| Action item |
Given the material below, return only the lines starting at the line with "system testMaxonMotors/Real-time Synchronization/Subsystem" and ending at the line with "settings OptimizationCC: BlockReduction=off", exactly as they appear.

| Data excerpts |
--- START ---

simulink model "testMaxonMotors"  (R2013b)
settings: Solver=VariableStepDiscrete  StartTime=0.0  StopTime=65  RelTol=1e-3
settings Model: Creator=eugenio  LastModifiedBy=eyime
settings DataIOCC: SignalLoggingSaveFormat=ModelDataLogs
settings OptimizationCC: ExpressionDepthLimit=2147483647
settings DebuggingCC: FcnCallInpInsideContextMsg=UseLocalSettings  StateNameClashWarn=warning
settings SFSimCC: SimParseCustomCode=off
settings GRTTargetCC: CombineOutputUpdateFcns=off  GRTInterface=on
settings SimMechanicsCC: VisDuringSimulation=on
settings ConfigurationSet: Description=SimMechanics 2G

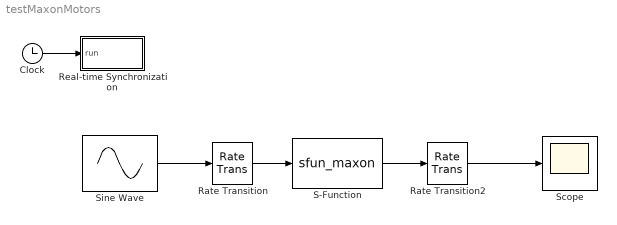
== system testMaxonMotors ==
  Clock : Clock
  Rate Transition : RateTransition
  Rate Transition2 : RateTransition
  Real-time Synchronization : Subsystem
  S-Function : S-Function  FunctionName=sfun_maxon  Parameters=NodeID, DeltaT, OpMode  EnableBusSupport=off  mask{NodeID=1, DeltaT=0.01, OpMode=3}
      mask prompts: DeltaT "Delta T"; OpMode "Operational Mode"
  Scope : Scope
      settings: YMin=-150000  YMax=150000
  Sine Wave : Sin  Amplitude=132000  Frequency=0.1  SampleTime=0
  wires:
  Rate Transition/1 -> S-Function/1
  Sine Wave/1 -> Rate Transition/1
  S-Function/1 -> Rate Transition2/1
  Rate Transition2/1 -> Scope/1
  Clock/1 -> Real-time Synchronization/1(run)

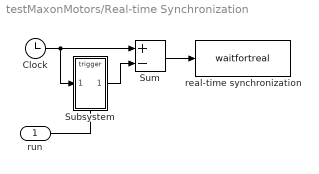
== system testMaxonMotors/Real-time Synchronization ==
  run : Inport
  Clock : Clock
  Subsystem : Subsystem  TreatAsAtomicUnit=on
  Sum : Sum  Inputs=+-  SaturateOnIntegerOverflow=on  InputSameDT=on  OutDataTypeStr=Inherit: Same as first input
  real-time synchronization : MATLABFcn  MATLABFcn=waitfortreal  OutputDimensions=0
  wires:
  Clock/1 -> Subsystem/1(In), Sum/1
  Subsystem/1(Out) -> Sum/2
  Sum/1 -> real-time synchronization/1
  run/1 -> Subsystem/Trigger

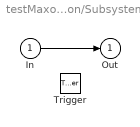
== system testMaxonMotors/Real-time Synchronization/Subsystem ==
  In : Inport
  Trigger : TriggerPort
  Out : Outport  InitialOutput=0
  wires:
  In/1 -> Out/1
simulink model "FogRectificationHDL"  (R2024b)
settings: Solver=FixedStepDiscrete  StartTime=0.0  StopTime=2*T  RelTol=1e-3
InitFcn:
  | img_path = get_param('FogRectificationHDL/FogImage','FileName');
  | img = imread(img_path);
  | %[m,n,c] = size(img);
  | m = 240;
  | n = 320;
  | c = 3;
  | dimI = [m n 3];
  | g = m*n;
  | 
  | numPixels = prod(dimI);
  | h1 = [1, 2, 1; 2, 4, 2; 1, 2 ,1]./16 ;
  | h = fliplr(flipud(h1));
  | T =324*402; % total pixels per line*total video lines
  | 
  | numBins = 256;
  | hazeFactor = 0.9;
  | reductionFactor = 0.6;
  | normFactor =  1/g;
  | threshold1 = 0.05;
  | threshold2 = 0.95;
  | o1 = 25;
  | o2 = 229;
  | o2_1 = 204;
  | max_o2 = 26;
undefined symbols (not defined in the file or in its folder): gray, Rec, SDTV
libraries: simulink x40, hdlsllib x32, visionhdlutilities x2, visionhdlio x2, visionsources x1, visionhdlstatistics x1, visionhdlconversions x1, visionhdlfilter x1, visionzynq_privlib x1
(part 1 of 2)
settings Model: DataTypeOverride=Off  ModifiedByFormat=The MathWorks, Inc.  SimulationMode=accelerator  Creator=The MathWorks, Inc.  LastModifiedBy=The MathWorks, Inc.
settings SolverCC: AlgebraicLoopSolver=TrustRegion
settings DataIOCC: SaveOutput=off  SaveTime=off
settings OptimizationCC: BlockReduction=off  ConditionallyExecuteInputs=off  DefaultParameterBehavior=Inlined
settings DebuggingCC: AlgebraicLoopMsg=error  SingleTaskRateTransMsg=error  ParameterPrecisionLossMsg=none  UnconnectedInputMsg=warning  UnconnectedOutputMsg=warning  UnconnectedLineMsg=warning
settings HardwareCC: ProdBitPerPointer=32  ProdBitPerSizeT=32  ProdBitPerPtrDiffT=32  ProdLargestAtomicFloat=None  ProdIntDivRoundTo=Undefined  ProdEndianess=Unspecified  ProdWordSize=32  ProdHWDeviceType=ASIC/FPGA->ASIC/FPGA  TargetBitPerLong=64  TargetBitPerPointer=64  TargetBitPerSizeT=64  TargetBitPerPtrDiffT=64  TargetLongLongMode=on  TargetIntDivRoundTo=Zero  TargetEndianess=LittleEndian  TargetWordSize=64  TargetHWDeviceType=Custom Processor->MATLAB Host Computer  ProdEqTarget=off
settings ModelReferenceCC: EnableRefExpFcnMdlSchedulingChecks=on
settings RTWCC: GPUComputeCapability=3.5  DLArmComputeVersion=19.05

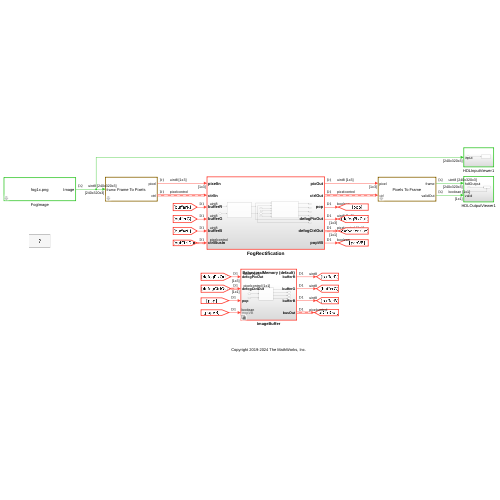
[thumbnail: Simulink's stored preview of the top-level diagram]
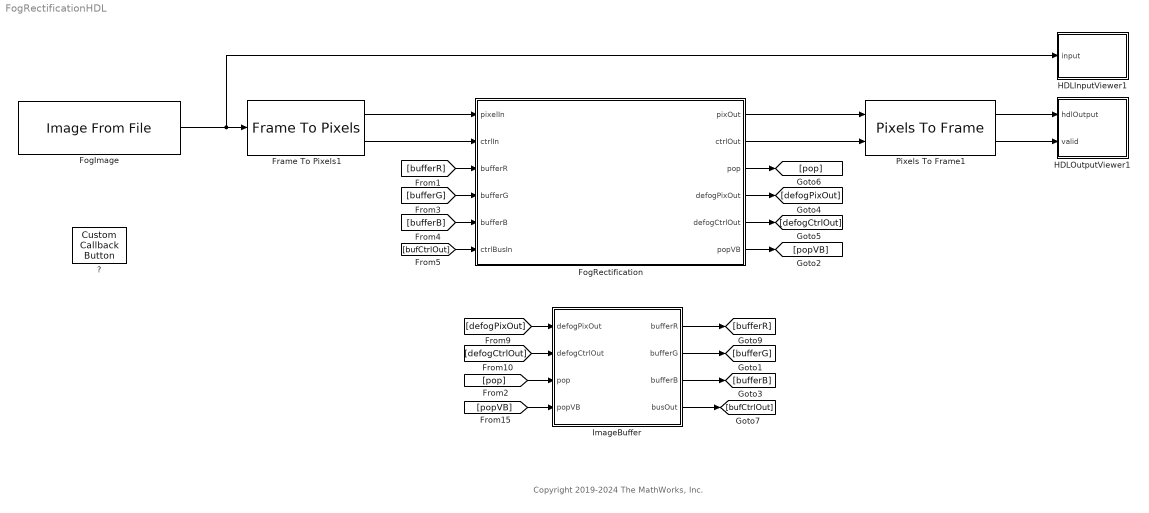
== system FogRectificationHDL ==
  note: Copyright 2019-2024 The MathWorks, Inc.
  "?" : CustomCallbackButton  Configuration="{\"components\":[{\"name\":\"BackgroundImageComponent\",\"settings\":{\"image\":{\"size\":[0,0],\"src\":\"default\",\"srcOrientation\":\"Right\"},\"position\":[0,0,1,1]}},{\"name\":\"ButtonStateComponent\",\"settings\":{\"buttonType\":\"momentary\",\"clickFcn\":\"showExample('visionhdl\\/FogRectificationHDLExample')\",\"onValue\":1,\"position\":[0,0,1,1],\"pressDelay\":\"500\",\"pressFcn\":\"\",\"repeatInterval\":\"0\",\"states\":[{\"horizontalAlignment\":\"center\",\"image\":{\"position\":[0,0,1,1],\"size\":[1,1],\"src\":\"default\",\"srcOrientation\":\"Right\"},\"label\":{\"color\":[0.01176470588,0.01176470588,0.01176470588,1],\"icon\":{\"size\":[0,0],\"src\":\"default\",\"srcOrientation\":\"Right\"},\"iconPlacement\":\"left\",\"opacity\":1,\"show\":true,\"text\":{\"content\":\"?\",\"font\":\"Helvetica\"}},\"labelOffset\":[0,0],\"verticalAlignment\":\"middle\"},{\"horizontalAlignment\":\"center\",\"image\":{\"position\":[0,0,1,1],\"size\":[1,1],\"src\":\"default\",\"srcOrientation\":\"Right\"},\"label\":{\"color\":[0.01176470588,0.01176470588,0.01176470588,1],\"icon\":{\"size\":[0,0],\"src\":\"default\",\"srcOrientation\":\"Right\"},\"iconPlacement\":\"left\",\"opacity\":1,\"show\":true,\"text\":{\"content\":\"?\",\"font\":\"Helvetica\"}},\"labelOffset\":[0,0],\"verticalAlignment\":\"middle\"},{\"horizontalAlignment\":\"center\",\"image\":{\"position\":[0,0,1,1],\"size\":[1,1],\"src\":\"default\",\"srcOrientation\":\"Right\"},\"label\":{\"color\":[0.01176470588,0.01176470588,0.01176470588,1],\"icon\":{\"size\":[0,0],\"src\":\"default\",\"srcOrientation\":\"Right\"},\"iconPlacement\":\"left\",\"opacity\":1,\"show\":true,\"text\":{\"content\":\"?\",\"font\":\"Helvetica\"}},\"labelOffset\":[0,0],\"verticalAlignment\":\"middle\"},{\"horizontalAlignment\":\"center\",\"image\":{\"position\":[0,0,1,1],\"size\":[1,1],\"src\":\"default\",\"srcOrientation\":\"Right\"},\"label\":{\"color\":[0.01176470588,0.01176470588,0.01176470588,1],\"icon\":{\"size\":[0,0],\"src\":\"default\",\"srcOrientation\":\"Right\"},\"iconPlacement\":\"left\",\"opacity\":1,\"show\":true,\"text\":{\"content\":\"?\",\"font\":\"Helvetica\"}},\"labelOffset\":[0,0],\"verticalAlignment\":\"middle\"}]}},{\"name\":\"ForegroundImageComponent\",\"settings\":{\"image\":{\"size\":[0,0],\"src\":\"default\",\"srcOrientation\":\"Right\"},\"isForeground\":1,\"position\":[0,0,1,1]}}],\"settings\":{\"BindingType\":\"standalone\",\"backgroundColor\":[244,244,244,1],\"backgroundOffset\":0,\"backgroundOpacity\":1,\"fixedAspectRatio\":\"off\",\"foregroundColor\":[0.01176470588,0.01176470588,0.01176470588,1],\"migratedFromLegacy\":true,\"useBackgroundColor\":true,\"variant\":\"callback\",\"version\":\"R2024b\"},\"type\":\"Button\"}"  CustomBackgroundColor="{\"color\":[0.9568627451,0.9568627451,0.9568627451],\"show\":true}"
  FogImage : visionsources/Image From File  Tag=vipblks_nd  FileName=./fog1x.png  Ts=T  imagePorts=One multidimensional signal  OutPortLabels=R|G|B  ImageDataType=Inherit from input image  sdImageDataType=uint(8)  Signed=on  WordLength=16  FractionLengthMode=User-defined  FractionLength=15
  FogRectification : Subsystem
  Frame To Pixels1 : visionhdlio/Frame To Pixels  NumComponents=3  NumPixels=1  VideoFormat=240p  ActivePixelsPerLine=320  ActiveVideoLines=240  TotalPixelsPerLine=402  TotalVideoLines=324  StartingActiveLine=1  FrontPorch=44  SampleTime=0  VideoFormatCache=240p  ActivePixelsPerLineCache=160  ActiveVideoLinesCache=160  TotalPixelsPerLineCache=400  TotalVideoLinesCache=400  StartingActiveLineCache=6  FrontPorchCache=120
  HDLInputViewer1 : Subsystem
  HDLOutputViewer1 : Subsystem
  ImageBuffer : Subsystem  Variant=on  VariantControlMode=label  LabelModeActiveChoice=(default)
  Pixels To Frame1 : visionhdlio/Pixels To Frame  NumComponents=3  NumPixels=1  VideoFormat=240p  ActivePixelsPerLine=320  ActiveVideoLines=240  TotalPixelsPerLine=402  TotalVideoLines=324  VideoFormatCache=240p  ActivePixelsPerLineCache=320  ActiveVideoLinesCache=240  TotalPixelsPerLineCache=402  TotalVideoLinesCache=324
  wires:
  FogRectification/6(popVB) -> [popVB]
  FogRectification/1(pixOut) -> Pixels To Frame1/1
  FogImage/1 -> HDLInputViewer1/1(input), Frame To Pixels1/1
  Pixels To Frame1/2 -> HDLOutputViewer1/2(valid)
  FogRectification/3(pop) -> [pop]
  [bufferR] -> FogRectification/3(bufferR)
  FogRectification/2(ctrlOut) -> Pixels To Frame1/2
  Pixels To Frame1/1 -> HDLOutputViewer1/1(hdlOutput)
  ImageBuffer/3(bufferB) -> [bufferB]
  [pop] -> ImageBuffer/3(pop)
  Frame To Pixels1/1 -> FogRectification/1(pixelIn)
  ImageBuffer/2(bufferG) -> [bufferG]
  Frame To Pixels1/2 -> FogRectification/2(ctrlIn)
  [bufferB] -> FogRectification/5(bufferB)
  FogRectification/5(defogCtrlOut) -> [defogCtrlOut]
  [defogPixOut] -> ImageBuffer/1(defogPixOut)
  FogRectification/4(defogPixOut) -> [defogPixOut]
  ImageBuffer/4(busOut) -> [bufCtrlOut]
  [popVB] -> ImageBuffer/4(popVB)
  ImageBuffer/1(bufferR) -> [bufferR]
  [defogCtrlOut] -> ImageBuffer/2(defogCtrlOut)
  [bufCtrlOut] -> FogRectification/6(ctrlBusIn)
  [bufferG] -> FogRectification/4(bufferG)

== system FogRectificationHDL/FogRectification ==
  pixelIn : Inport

--- END ---

| Exercise answer |
== system testMaxonMotors/Real-time Synchronization/Subsystem ==
  In : Inport
  Trigger : TriggerPort
  Out : Outport  InitialOutput=0
  wires:
  In/1 -> Out/1
simulink model "FogRectificationHDL"  (R2024b)
settings: Solver=FixedStepDiscrete  StartTime=0.0  StopTime=2*T  RelTol=1e-3
InitFcn:
  | img_path = get_param('FogRectificationHDL/FogImage','FileName');
  | img = imread(img_path);
  | %[m,n,c] = size(img);
  | m = 240;
  | n = 320;
  | c = 3;
  | dimI = [m n 3];
  | g = m*n;
  | 
  | numPixels = prod(dimI);
  | h1 = [1, 2, 1; 2, 4, 2; 1, 2 ,1]./16 ;
  | h = fliplr(flipud(h1));
  | T =324*402; % total pixels per line*total video lines
  | 
  | numBins = 256;
  | hazeFactor = 0.9;
  | reductionFactor = 0.6;
  | normFactor =  1/g;
  | threshold1 = 0.05;
  | threshold2 = 0.95;
  | o1 = 25;
  | o2 = 229;
  | o2_1 = 204;
  | max_o2 = 26;
undefined symbols (not defined in the file or in its folder): gray, Rec, SDTV
libraries: simulink x40, hdlsllib x32, visionhdlutilities x2, visionhdlio x2, visionsources x1, visionhdlstatistics x1, visionhdlconversions x1, visionhdlfilter x1, visionzynq_privlib x1
(part 1 of 2)
settings Model: DataTypeOverride=Off  ModifiedByFormat=The MathWorks, Inc.  SimulationMode=accelerator  Creator=The MathWorks, Inc.  LastModifiedBy=The MathWorks, Inc.
settings SolverCC: AlgebraicLoopSolver=TrustRegion
settings DataIOCC: SaveOutput=off  SaveTime=off
settings OptimizationCC: BlockReduction=off  ConditionallyExecuteInputs=off  DefaultParameterBehavior=Inlined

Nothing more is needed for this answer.